### DATASET EXTRACT
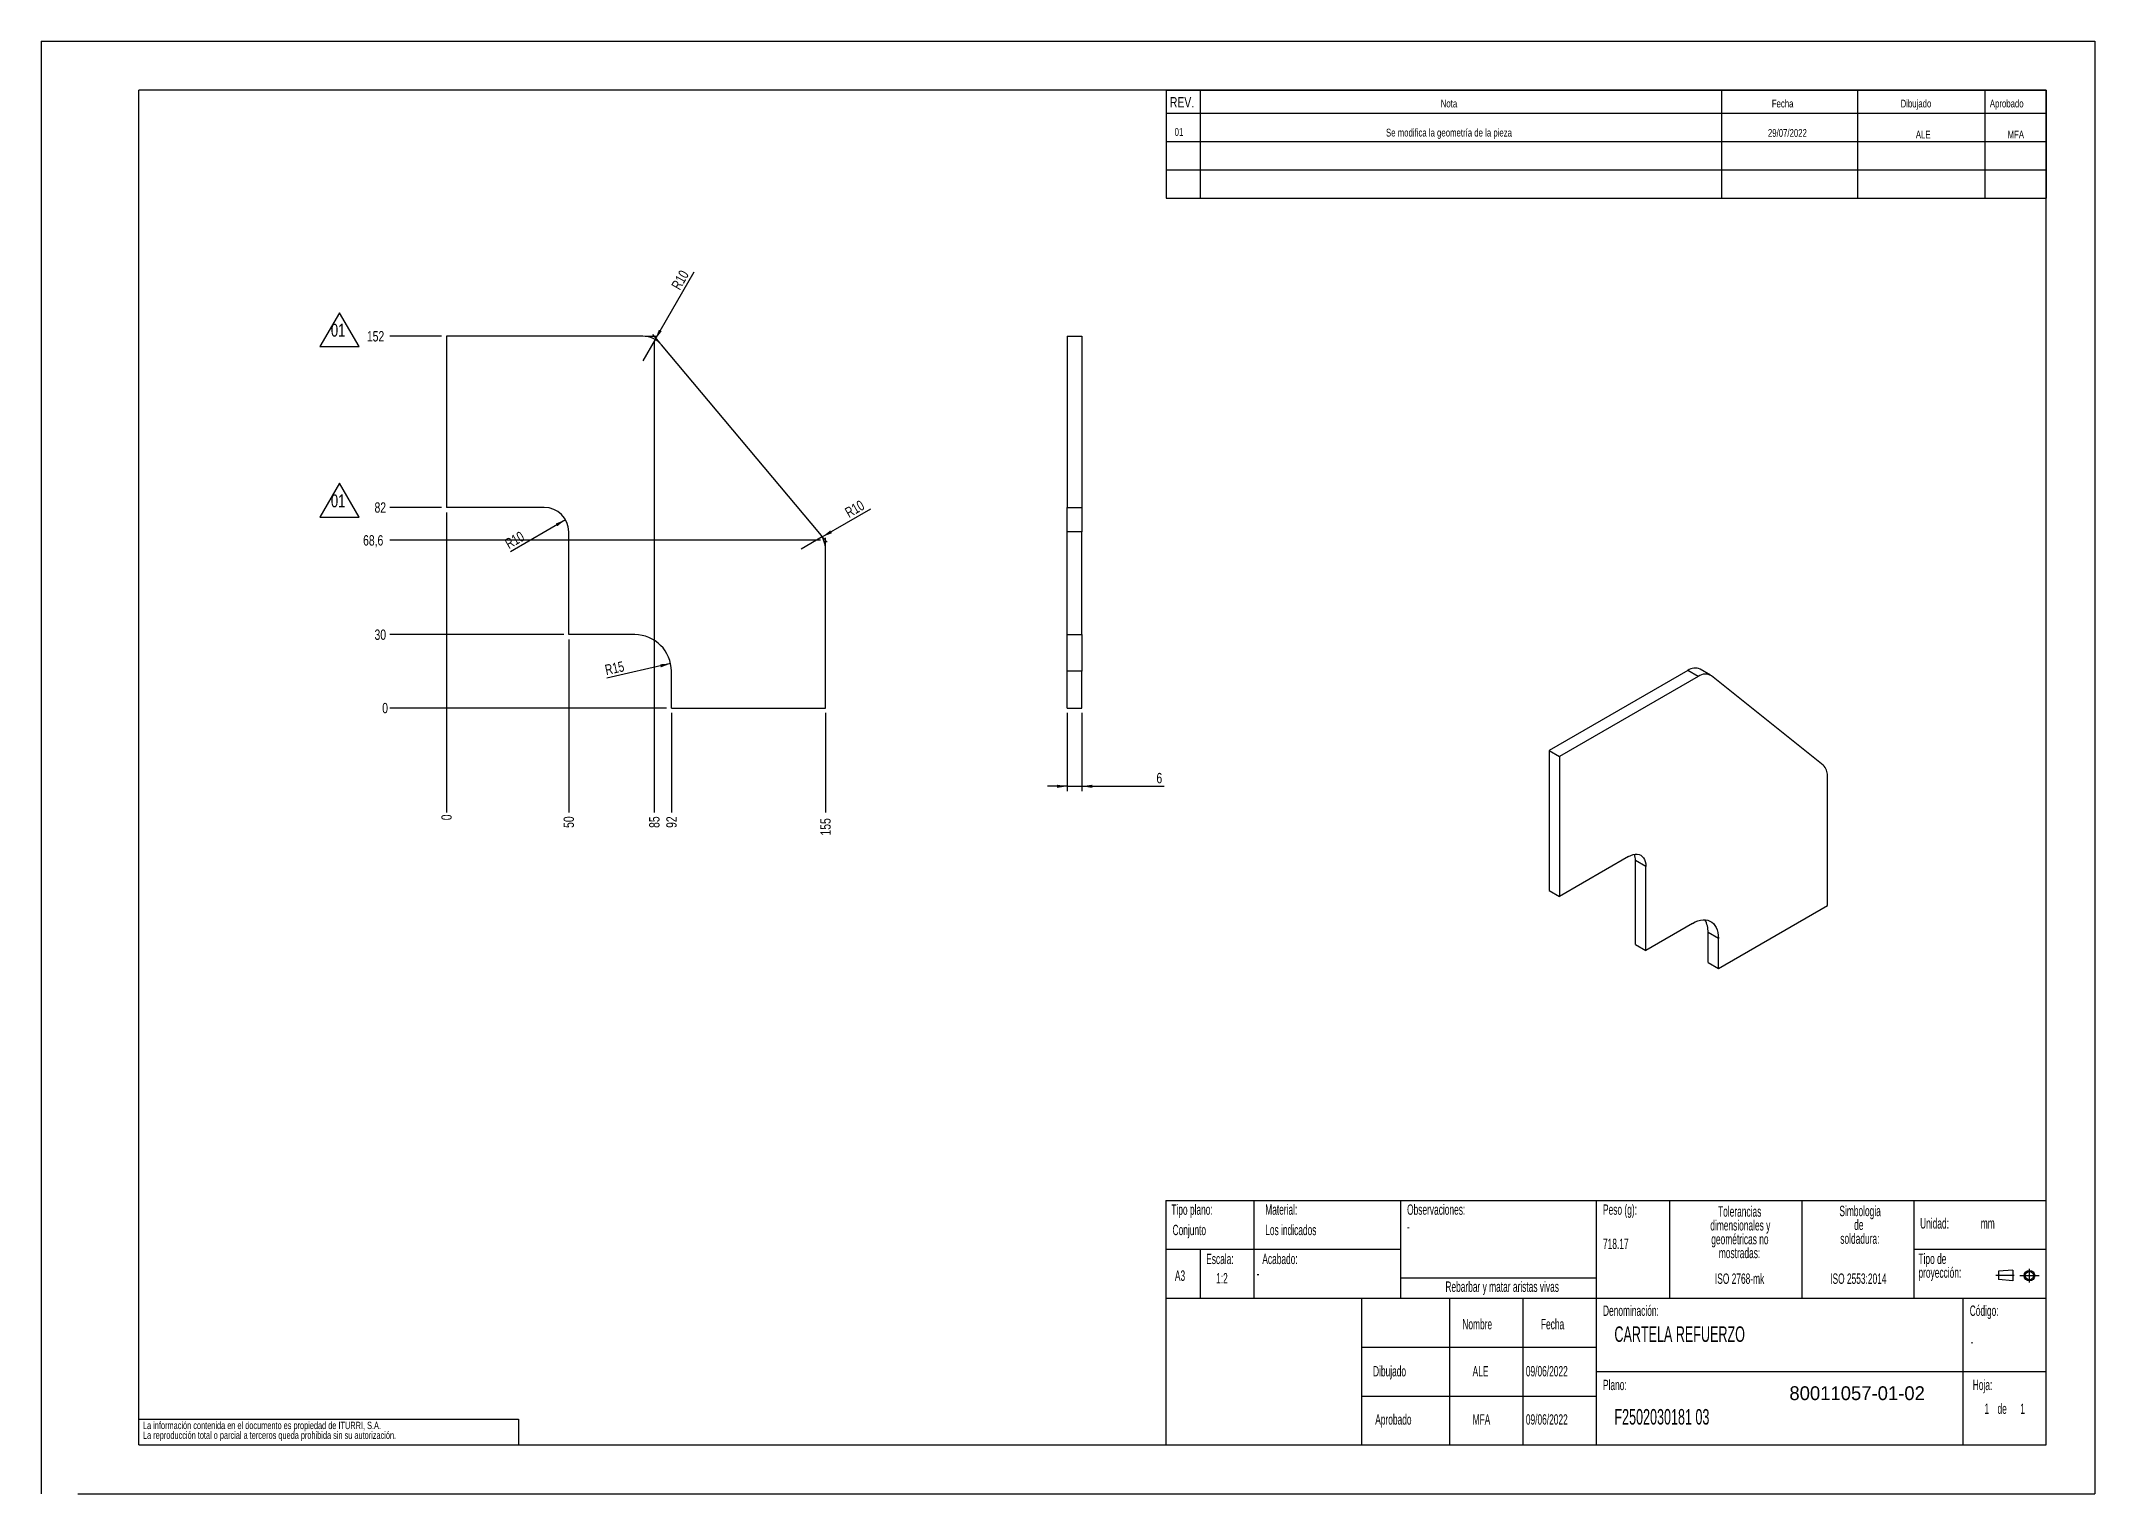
# Model space of a CAD drawing. Extents: x 0 to 420, y 0 to 297.
import ezdxf

# ---------------------------------------------------------------- set-up
doc = ezdxf.new("R2010")
doc.units = 0
doc.linetypes.add('SLD-CENTRADA-TRAZOS-LARGOS', pattern=[19.05, 15.24, -1.27, 1.27, -1.27])
doc.linetypes.add('SLD-CONTINUA', pattern=[0])
doc.layers.get('0').update_dxf_attribs({"linetype": 'CONTINUOUS'})
doc.layers.add('FORMATO', color=7, linetype='SLD-CONTINUA')
doc.layers.add('SLD-0', color=179, linetype='SLD-CONTINUA')
doc.styles.add('SLDTEXTSTYLE0', font='TXT', dxfattribs={"width": 0.75})
doc.styles.add('SLDTEXTSTYLE1', font='TXT', dxfattribs={"width": 0.605})
doc.dimstyles.new('SLDDIMSTYLE0', dxfattribs={"dimtxt": 2.116667, "dimasz": 2.116667, "dimexe": 0, "dimexo": 0.0625, "dimgap": 0.529167, "dimtad": 0, "dimtih": 1, "dimtoh": 1, "dimdec": 0, "dimlfac": 2, "dimrnd": 1e-09, "dimdsep": 46, "dimtxsty": 'SLDTEXTSTYLE0', "dimblk1": 'NONE', "dimblk2": 'NONE', "dimsah": 1, "dimcen": 0.09, "dimadec": 0, "dimazin": 0, "dimtfac": 1, "dimtdec": 0, "dimtofl": 0, "dimtmove": 0, "dimatfit": 3, "dimldrblk": 'NONE', "dimfxl": 1, "dimtolj": 1, "dimtzin": 12, "dimarcsym": 0})
doc.dimstyles.new('SLDDIMSTYLE1', dxfattribs={"dimtxt": 2.116667, "dimasz": 2.116667, "dimexe": 0, "dimexo": 0.0625, "dimgap": 0.529167, "dimtad": 0, "dimtih": 1, "dimtoh": 1, "dimdec": 1, "dimlfac": 2, "dimrnd": 1e-09, "dimzin": 12, "dimdsep": 46, "dimtxsty": 'SLDTEXTSTYLE0', "dimblk1": 'NONE', "dimblk2": 'NONE', "dimsah": 1, "dimcen": 0.09, "dimadec": 0, "dimazin": 0, "dimtfac": 1, "dimtdec": 1, "dimtofl": 0, "dimtmove": 0, "dimatfit": 3, "dimldrblk": 'NONE', "dimfxl": 1, "dimtolj": 1, "dimtzin": 12, "dimarcsym": 0})
doc.dimstyles.new('SLDDIMSTYLE2', dxfattribs={"dimtxt": 2.116667, "dimasz": 2.116667, "dimexe": 0, "dimexo": 0.0625, "dimgap": 0.529167, "dimtad": 1, "dimdec": 1, "dimlfac": 2, "dimrnd": 1e-09, "dimzin": 12, "dimdsep": 46, "dimtxsty": 'SLDTEXTSTYLE0', "dimsah": 1, "dimcen": 0, "dimadec": 0, "dimazin": 0, "dimtfac": 1, "dimtdec": 1, "dimtofl": 0, "dimtmove": 0, "dimatfit": 3, "dimfxl": 1, "dimtolj": 1, "dimtzin": 12, "dimarcsym": 0})
doc.dimstyles.new('SLDDIMSTYLE3', dxfattribs={"dimtxt": 2.116667, "dimasz": 2.116667, "dimexe": 0, "dimexo": 0.0625, "dimgap": 0.529167, "dimtad": 1, "dimdec": 1, "dimlfac": 2, "dimrnd": 1e-09, "dimzin": 12, "dimdsep": 46, "dimtxsty": 'SLDTEXTSTYLE0', "dimsah": 1, "dimcen": 0, "dimadec": 0, "dimazin": 0, "dimtfac": 1, "dimtdec": 1, "dimtofl": 0, "dimtmove": 1, "dimatfit": 3, "dimfxl": 1, "dimtolj": 1, "dimtzin": 12, "dimarcsym": 0})
doc.dimstyles.new('SLDDIMSTYLE4', dxfattribs={"dimtxt": 2.116667, "dimasz": 2.116667, "dimexe": 0, "dimexo": 0.0625, "dimgap": 0.529167, "dimtad": 1, "dimdec": 1, "dimlfac": 2, "dimrnd": 1e-09, "dimzin": 12, "dimdsep": 46, "dimtxsty": 'SLDTEXTSTYLE0', "dimsah": 1, "dimcen": 0.09, "dimadec": 0, "dimazin": 0, "dimtfac": 1, "dimtdec": 1, "dimtmove": 0, "dimatfit": 0, "dimfxl": 1, "dimtolj": 1, "dimtzin": 12, "dimarcsym": 0})

# ---------------------------------------------------------------- blocks, each defined once
blk = doc.blocks.new('BLOQUE3')
at = {"color": 7, "linetype": 'SLD-CENTRADA-TRAZOS-LARGOS'}
for p, q in [((397.92, 130.06), (394.8, 130.06)), ((398.88, 130.02), (402.16, 130.02)), ((400.52, 128.85), (400.52, 131.19))]:
    blk.add_line(p, q, dxfattribs=at)
at = {"color": 7, "linetype": 'SLD-CONTINUA'}
for p, q in [((397.68, 130.95), (395.23, 130.77)), ((395.23, 130.77), (395.23, 129.34)), ((397.68, 130.95), (397.68, 129.16)), ((397.68, 129.16), (395.23, 129.34))]:
    blk.add_line(p, q, dxfattribs=at)
for radius in [0.892, 0.713]:
    blk.add_circle((400.52, 130.02), radius, dxfattribs=at)
blk = doc.blocks.new('SW_NOTE_0_1')
at = {"layer": 'SLD-0', "color": 0, "attachment_point": 2, "style": 'SLDTEXTSTYLE1'}
for s, insert, char_height in [('dimensionales y', (7.54, -0.09), 2.1167), ('Tolerancias', (7.41, 2.73), 2.1167), ('geométricas no', (7.46, -2.92), 2.1167), ('mostradas:', (7.38, -5.74), 2.117)]:
    blk.add_mtext(s, dxfattribs=dict(at, insert=insert, char_height=char_height))
blk = doc.blocks.new('SW_NOTE_0_2')
at = {"layer": 'SLD-0', "color": 0, "attachment_point": 1, "style": 'SLDTEXTSTYLE1'}
for s, insert, char_height in [('Tipo de', (0, 2.73), 2.117), ('proyección:', (0, -0.09), 2.1167)]:
    blk.add_mtext(s, dxfattribs=dict(at, insert=insert, char_height=char_height))
blk = doc.blocks.new('SW_NOTE_0_3')
at = {"layer": 'SLD-0', "color": 0, "char_height": 2.117, "attachment_point": 2, "style": 'SLDTEXTSTYLE1'}
for s, insert in [('Simbologia', (7.11, 2.73)), ('de', (6.84, -0.09)), ('soldadura:', (7.06, -2.92))]:
    blk.add_mtext(s, dxfattribs=dict(at, insert=insert))
blk = doc.blocks.new('SW_NOTE_0_4')
at = {"layer": 'SLD-0', "color": 0, "char_height": 1.5, "attachment_point": 1, "style": 'SLDTEXTSTYLE0'}
for s, insert in [('La información contenida en el documento es propiedad de ITURRI, S.A.', (0, 1.93)), ('La reproducción total o parcial a terceros queda prohibida sin su autorización.', (0, -0.07))]:
    blk.add_mtext(s, dxfattribs=dict(at, insert=insert))
blk = doc.blocks.new('SW_NOTE_0')
at = {"layer": 'FORMATO', "color": 0, "insert": (0, 17.1), "char_height": 13.23, "attachment_point": 1, "style": 'SLDTEXTSTYLE0'}
blk.add_mtext('01', dxfattribs=at)
blk = doc.blocks.new('SIMBOLO_REV1')
at = {"layer": 'FORMATO'}
for p, q in [((201.4, 1620.3), (181.4, 1585.7)), ((221.4, 1585.7), (201.4, 1620.3)), ((181.4, 1585.7), (221.4, 1585.7))]:
    blk.add_line(p, q, dxfattribs=at)
at = {"layer": 'FORMATO', "color": 7}
blk.add_blockref('SW_NOTE_0', (192.6, 1591.9), dxfattribs=at)
blk = doc.blocks.new('_D')
at = {"layer": 'FORMATO', "transparency": 16777216}
blk.add_line((82.9, 200.66), (82.9, 139.28), dxfattribs=at)
at = {"layer": 'FORMATO', "transparency": 16777216, "insert": (81.85, 137.72), "char_height": 2.12, "attachment_point": 1, "rotation": 90, "style": 'SLDTEXTSTYLE0'}
blk.add_mtext('0', dxfattribs=at)
blk = doc.blocks.new('_NONE')
blk = doc.blocks.new('_D_1')
at = {"layer": 'FORMATO', "color": 7, "transparency": 16777216}
blk.add_line((107.9, 174.66), (107.9, 139.28), dxfattribs=at)
at = {"layer": 'FORMATO', "color": 7, "transparency": 16777216, "insert": (106.85, 136.15), "char_height": 2.117, "attachment_point": 1, "rotation": 90, "style": 'SLDTEXTSTYLE0'}
blk.add_mtext('50', dxfattribs=at)
blk = doc.blocks.new('_D_2')
at = {"layer": 'FORMATO', "transparency": 16777216}
blk.add_line((125.4, 235.66), (125.4, 139.28), dxfattribs=at)
at = {"layer": 'FORMATO', "transparency": 16777216, "insert": (124.35, 136.15), "char_height": 2.117, "attachment_point": 1, "rotation": 90, "style": 'SLDTEXTSTYLE0'}
blk.add_mtext('85', dxfattribs=at)
blk = doc.blocks.new('_D_3')
at = {"layer": 'FORMATO', "color": 7, "transparency": 16777216}
blk.add_line((128.9, 159.66), (128.9, 139.28), dxfattribs=at)
at = {"layer": 'FORMATO', "color": 7, "transparency": 16777216, "insert": (127.85, 136.15), "char_height": 2.117, "attachment_point": 1, "rotation": 90, "style": 'SLDTEXTSTYLE0'}
blk.add_mtext('92', dxfattribs=at)
blk = doc.blocks.new('_D_4')
at = {"layer": 'FORMATO', "color": 7, "transparency": 16777216}
blk.add_line((160.4, 159.66), (160.4, 139.28), dxfattribs=at)
at = {"layer": 'FORMATO', "color": 7, "transparency": 16777216, "insert": (159.35, 134.59), "char_height": 2.117, "attachment_point": 1, "rotation": 90, "style": 'SLDTEXTSTYLE0'}
blk.add_mtext('155', dxfattribs=at)
blk = doc.blocks.new('_D_5')
at = {"layer": 'FORMATO', "transparency": 16777216}
blk.add_line((127.9, 160.66), (71.32, 160.66), dxfattribs=at)
at = {"layer": 'FORMATO', "transparency": 16777216, "insert": (69.76, 161.71), "char_height": 2.12, "attachment_point": 1, "style": 'SLDTEXTSTYLE0'}
blk.add_mtext('0', dxfattribs=at)
blk = doc.blocks.new('_D_6')
at = {"layer": 'FORMATO', "color": 7, "transparency": 16777216}
blk.add_line((106.9, 175.66), (71.32, 175.66), dxfattribs=at)
at = {"layer": 'FORMATO', "color": 7, "transparency": 16777216, "insert": (68.19, 176.71), "char_height": 2.117, "attachment_point": 1, "style": 'SLDTEXTSTYLE0'}
blk.add_mtext('30', dxfattribs=at)
blk = doc.blocks.new('_D_7')
at = {"layer": 'FORMATO', "transparency": 16777216}
blk.add_line((159.4, 194.95), (71.32, 194.95), dxfattribs=at)
at = {"layer": 'FORMATO', "transparency": 16777216, "insert": (65.85, 195.99), "char_height": 2.117, "attachment_point": 1, "style": 'SLDTEXTSTYLE0'}
blk.add_mtext('68,6', dxfattribs=at)
blk = doc.blocks.new('_D_8')
at = {"layer": 'FORMATO', "color": 7, "transparency": 16777216}
blk.add_line((81.9, 201.66), (71.32, 201.66), dxfattribs=at)
at = {"layer": 'FORMATO', "color": 7, "transparency": 16777216, "insert": (68.19, 202.71), "char_height": 2.117, "attachment_point": 1, "style": 'SLDTEXTSTYLE0'}
blk.add_mtext('82', dxfattribs=at)
blk = doc.blocks.new('_D_9')
at = {"layer": 'FORMATO', "color": 7, "transparency": 16777216}
blk.add_line((81.9, 236.66), (71.32, 236.66), dxfattribs=at)
at = {"layer": 'FORMATO', "color": 7, "transparency": 16777216, "insert": (66.63, 237.71), "char_height": 2.117, "attachment_point": 1, "style": 'SLDTEXTSTYLE0'}
blk.add_mtext('152', dxfattribs=at)
blk = doc.blocks.new('_D_10')
at = {"layer": 'FORMATO', "color": 7, "transparency": 16777216}
for q in [(133.56, 249.84), (123.07, 231.66)]:
    blk.add_line((125.57, 235.99), q, dxfattribs=at)
blk.add_solid([(125.57, 235.99), (126.91, 237.66), (126.34, 237.99)], dxfattribs=at)
at = {"layer": 'FORMATO', "color": 7, "transparency": 16777216, "insert": (128.78, 247.01), "char_height": 2.117, "attachment_point": 1, "rotation": 60, "style": 'SLDTEXTSTYLE0'}
blk.add_mtext('R10', dxfattribs=at)
blk = doc.blocks.new('_D_11')
at = {"layer": 'FORMATO', "color": 7, "transparency": 16777216}
blk.add_line((128.73, 169.75), (115.72, 166.78), dxfattribs=at)
blk.add_solid([(128.73, 169.75), (126.59, 169.6), (126.74, 168.96)], dxfattribs=at)
at = {"layer": 'FORMATO', "color": 7, "transparency": 16777216, "insert": (115.14, 169.44), "char_height": 2.117, "attachment_point": 1, "rotation": 12.2584, "style": 'SLDTEXTSTYLE0'}
blk.add_mtext('R15', dxfattribs=at)
blk = doc.blocks.new('_D_12')
at = {"layer": 'FORMATO', "color": 7, "transparency": 16777216}
blk.add_line((107.23, 199.16), (95.97, 192.58), dxfattribs=at)
blk.add_solid([(107.23, 199.16), (105.24, 198.37), (105.56, 197.81)], dxfattribs=at)
at = {"layer": 'FORMATO', "color": 7, "transparency": 16777216, "insert": (94.61, 194.95), "char_height": 2.117, "attachment_point": 1, "rotation": 30, "style": 'SLDTEXTSTYLE0'}
blk.add_mtext('R10', dxfattribs=at)
blk = doc.blocks.new('_D_13')
at = {"layer": 'FORMATO', "color": 7, "transparency": 16777216}
for q in [(169.7, 201.39), (155.4, 193.13)]:
    blk.add_line((159.73, 195.63), q, dxfattribs=at)
blk.add_solid([(159.73, 195.63), (161.72, 196.4), (161.4, 196.97)], dxfattribs=at)
at = {"layer": 'FORMATO', "color": 7, "transparency": 16777216, "insert": (164.15, 201.32), "char_height": 2.117, "attachment_point": 1, "rotation": 30, "style": 'SLDTEXTSTYLE0'}
blk.add_mtext('R10', dxfattribs=at)
blk = doc.blocks.new('_D_14')
at = {"layer": 'FORMATO', "color": 7, "transparency": 16777216}
for p, q in [((209.86, 159.66), (209.86, 143.66)), ((212.86, 159.66), (212.86, 143.66)), ((209.86, 144.66), (205.79, 144.66)), ((209.86, 144.66), (212.86, 144.66)), ((212.86, 144.66), (229.64, 144.66))]:
    blk.add_line(p, q, dxfattribs=at)
for points in [[(209.86, 144.66), (207.74, 144.98), (207.74, 144.33)], [(212.86, 144.66), (214.97, 144.33), (214.97, 144.98)]]:
    blk.add_solid(points, dxfattribs=at)
at = {"layer": 'FORMATO', "color": 7, "transparency": 16777216, "insert": (228.08, 147.39), "char_height": 2.12, "attachment_point": 1, "style": 'SLDTEXTSTYLE0'}
blk.add_mtext('6', dxfattribs=at)

msp = doc.modelspace()

# ---------------------------------------------------------------- linework, layer by layer
at = {"color": 7, "linetype": 'SLD-CONTINUA'}
for p, q in [((0, 297), (420, 297)), ((0, 297), (0, -0.001)), ((420, 297), (420, 0)), ((410, 287), (20, 287)), ((20, 10), (20, 287)), ((410, 10), (410, 287)), ((123.066, 236.659), (82.897, 236.659)), ((82.897, 236.659), (82.897, 201.659)), ((209.857, 236.659), (209.857, 201.659)), ((209.857, 236.659), (212.857, 236.659)), ((212.857, 236.659), (212.857, 201.659)), ((159.227, 196.342), (126.896, 234.873)), ((102.897, 201.659), (82.897, 201.659)), ((209.857, 201.659), (212.857, 201.659)), ((209.857, 196.659), (209.857, 201.659)), ((212.857, 201.659), (212.857, 196.659)), ((107.897, 175.659), (107.897, 196.659)), ((212.857, 196.659), (209.857, 196.659)), ((209.857, 175.659), (209.857, 196.659)), ((212.857, 175.659), (212.857, 196.659)), ((160.397, 160.659), (160.397, 193.128)), ((121.397, 175.659), (107.897, 175.659)), ((209.857, 175.659), (212.857, 175.659)), ((209.857, 168.159), (209.857, 175.659)), ((212.857, 175.659), (212.857, 168.159)), ((128.897, 160.659), (128.897, 168.159)), ((212.857, 168.159), (209.857, 168.159)), ((209.857, 160.659), (209.857, 168.159)), ((212.857, 160.659), (212.857, 168.159)), ((336.765, 168.343), (308.362, 151.946)), ((338.887, 167.118), (336.765, 168.343)), ((341.386, 167.366), (339.265, 168.59)), ((338.887, 167.118), (310.483, 150.721)), ((364.457, 148.959), (341.595, 167.223)), ((128.897, 160.659), (160.397, 160.659)), ((209.857, 160.659), (212.857, 160.659)), ((308.362, 151.946), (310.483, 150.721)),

### ASSIGNMENT
Nothing should appear in the reply except the lines from the start of the listing above through the line with "-1.27, 1.27, -1.27])", repeated exactly and free of pictures.

### RESULT BELOW
# Model space of a CAD drawing. Extents: x 0 to 420, y 0 to 297.
import ezdxf

# ---------------------------------------------------------------- set-up
doc = ezdxf.new("R2010")
doc.units = 0
doc.linetypes.add('SLD-CENTRADA-TRAZOS-LARGOS', pattern=[19.05, 15.24, -1.27, 1.27, -1.27])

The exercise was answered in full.